§ Material provided:

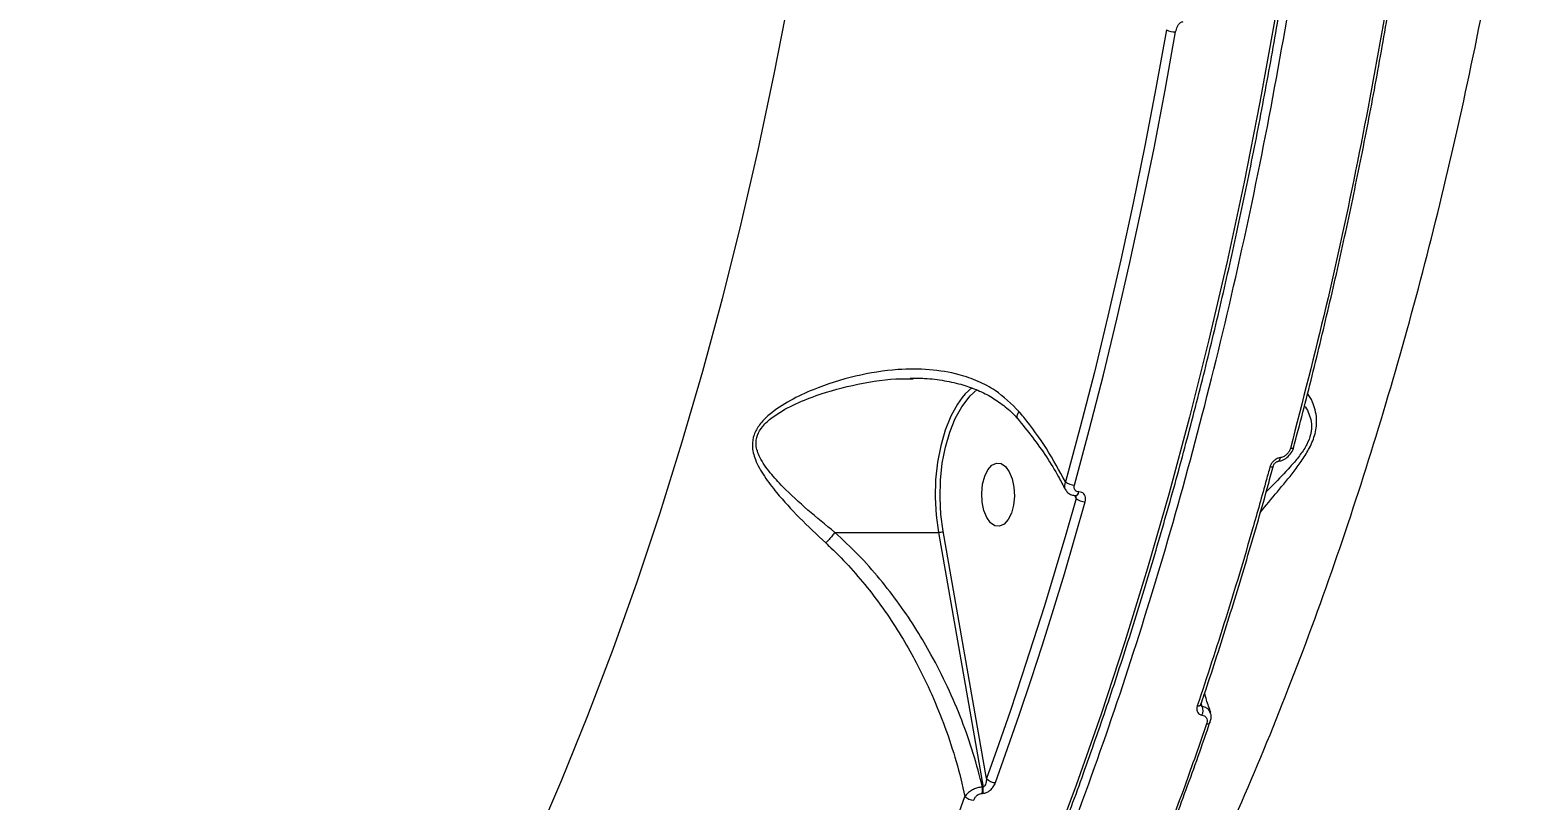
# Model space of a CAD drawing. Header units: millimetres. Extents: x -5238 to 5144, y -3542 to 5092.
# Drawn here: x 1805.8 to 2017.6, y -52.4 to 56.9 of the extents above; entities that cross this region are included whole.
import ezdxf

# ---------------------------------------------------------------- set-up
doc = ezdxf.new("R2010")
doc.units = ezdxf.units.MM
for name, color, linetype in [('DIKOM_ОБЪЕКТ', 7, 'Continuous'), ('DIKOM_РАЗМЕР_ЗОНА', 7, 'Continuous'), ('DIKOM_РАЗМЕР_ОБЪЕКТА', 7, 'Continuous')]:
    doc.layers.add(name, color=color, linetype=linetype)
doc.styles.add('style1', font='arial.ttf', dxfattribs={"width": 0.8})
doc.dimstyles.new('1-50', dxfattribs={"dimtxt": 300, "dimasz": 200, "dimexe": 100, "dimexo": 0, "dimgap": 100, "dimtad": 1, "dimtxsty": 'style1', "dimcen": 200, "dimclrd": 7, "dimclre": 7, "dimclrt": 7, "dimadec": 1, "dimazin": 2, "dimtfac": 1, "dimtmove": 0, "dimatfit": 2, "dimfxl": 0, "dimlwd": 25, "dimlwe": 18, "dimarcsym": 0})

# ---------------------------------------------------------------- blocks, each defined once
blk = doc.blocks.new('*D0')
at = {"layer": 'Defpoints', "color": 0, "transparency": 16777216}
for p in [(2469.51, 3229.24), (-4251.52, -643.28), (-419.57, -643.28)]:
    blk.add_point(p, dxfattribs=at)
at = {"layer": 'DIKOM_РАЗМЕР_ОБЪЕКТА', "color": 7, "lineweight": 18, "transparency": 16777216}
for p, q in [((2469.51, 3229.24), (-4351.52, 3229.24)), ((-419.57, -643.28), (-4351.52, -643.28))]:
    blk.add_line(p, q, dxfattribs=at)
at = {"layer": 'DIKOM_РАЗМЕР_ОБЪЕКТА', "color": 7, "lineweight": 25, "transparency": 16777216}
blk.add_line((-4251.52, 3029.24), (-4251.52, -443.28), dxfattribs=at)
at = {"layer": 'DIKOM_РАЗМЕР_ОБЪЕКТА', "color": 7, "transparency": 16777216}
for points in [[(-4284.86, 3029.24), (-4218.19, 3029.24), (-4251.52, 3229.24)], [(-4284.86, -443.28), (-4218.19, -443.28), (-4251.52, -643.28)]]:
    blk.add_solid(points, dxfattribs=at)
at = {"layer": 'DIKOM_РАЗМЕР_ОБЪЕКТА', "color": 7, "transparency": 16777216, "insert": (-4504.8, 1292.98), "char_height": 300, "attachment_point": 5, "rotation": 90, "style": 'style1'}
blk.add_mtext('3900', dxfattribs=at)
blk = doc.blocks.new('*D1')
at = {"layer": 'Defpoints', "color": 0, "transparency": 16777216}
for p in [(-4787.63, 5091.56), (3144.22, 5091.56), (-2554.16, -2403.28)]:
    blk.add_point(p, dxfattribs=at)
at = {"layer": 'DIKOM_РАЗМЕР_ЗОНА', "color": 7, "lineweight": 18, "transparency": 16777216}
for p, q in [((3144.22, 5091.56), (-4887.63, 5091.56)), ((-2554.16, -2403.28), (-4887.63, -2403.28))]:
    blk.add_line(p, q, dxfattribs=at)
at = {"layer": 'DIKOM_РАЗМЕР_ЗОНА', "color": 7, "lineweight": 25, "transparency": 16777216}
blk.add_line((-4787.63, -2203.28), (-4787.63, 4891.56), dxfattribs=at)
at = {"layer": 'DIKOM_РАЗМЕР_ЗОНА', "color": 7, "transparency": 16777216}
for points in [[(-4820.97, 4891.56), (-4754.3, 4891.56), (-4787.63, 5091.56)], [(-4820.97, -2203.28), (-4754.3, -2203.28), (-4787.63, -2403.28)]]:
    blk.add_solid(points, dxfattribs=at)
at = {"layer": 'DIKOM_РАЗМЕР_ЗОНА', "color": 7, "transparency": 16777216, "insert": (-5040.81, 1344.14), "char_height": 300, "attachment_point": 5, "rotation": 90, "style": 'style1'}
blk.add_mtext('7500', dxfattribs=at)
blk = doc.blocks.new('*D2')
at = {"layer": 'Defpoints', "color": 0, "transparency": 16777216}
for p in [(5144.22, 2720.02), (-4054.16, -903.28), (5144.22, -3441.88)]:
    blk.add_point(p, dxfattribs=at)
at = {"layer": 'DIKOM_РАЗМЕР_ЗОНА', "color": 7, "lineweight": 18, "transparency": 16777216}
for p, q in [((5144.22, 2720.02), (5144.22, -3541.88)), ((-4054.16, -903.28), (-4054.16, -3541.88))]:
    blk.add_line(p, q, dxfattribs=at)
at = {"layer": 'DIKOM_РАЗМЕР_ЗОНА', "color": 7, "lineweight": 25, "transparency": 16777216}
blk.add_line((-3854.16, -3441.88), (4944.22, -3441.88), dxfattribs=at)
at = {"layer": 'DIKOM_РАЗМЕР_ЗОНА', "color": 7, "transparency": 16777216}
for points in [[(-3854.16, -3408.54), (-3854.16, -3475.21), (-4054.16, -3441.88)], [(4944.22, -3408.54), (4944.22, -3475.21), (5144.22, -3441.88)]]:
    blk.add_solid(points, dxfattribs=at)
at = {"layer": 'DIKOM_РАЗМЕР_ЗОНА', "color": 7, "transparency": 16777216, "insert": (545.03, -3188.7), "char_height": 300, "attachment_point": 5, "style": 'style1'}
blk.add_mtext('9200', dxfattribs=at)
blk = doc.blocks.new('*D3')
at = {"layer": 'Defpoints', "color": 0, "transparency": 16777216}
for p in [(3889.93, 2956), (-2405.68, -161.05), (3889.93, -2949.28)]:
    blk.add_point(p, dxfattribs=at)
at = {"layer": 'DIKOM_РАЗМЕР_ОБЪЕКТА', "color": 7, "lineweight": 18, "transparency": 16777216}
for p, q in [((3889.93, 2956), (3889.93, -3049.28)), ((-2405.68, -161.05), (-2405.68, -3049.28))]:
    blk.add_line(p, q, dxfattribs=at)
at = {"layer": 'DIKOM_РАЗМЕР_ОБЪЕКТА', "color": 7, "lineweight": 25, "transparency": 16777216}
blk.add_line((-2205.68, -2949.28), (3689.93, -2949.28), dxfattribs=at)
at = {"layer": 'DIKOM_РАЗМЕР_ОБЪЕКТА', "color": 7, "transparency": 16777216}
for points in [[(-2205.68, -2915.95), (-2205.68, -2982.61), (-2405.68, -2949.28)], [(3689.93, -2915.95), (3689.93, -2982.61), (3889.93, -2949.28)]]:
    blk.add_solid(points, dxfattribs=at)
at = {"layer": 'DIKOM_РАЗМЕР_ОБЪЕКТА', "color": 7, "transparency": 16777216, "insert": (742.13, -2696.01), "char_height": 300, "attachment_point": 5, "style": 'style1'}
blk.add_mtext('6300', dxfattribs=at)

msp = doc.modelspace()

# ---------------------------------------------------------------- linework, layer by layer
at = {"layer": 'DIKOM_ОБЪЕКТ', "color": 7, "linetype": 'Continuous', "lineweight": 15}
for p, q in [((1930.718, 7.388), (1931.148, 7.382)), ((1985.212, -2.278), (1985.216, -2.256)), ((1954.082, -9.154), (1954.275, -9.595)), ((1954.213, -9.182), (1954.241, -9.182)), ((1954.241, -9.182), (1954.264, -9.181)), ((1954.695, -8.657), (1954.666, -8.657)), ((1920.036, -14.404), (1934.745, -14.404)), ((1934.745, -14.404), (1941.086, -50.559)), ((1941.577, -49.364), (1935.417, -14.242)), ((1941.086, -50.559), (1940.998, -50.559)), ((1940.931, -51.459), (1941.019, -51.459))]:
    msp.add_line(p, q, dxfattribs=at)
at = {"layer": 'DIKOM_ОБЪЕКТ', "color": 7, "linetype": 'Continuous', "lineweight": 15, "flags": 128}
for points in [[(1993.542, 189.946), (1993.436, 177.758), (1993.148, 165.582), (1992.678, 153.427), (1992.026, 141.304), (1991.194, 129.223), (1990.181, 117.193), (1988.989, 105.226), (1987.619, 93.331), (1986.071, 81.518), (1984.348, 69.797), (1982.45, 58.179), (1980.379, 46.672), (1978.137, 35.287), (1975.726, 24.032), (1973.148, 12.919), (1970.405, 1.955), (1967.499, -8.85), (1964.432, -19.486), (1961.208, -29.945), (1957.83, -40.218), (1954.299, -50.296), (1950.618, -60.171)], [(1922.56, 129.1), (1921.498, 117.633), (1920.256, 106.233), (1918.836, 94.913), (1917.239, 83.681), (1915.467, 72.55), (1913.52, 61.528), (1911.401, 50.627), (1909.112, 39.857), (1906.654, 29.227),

§ What is needed:
Which lines of the records contain the word "insert"? Copy each of them.

§ Task output:
at = {"layer": 'DIKOM_РАЗМЕР_ОБЪЕКТА', "color": 7, "transparency": 16777216, "insert": (-4504.8, 1292.98), "char_height": 300, "attachment_point": 5, "rotation": 90, "style": 'style1'}
at = {"layer": 'DIKOM_РАЗМЕР_ЗОНА', "color": 7, "transparency": 16777216, "insert": (-5040.81, 1344.14), "char_height": 300, "attachment_point": 5, "rotation": 90, "style": 'style1'}
at = {"layer": 'DIKOM_РАЗМЕР_ЗОНА', "color": 7, "transparency": 16777216, "insert": (545.03, -3188.7), "char_height": 300, "attachment_point": 5, "style": 'style1'}
at = {"layer": 'DIKOM_РАЗМЕР_ОБЪЕКТА', "color": 7, "transparency": 16777216, "insert": (742.13, -2696.01), "char_height": 300, "attachment_point": 5, "style": 'style1'}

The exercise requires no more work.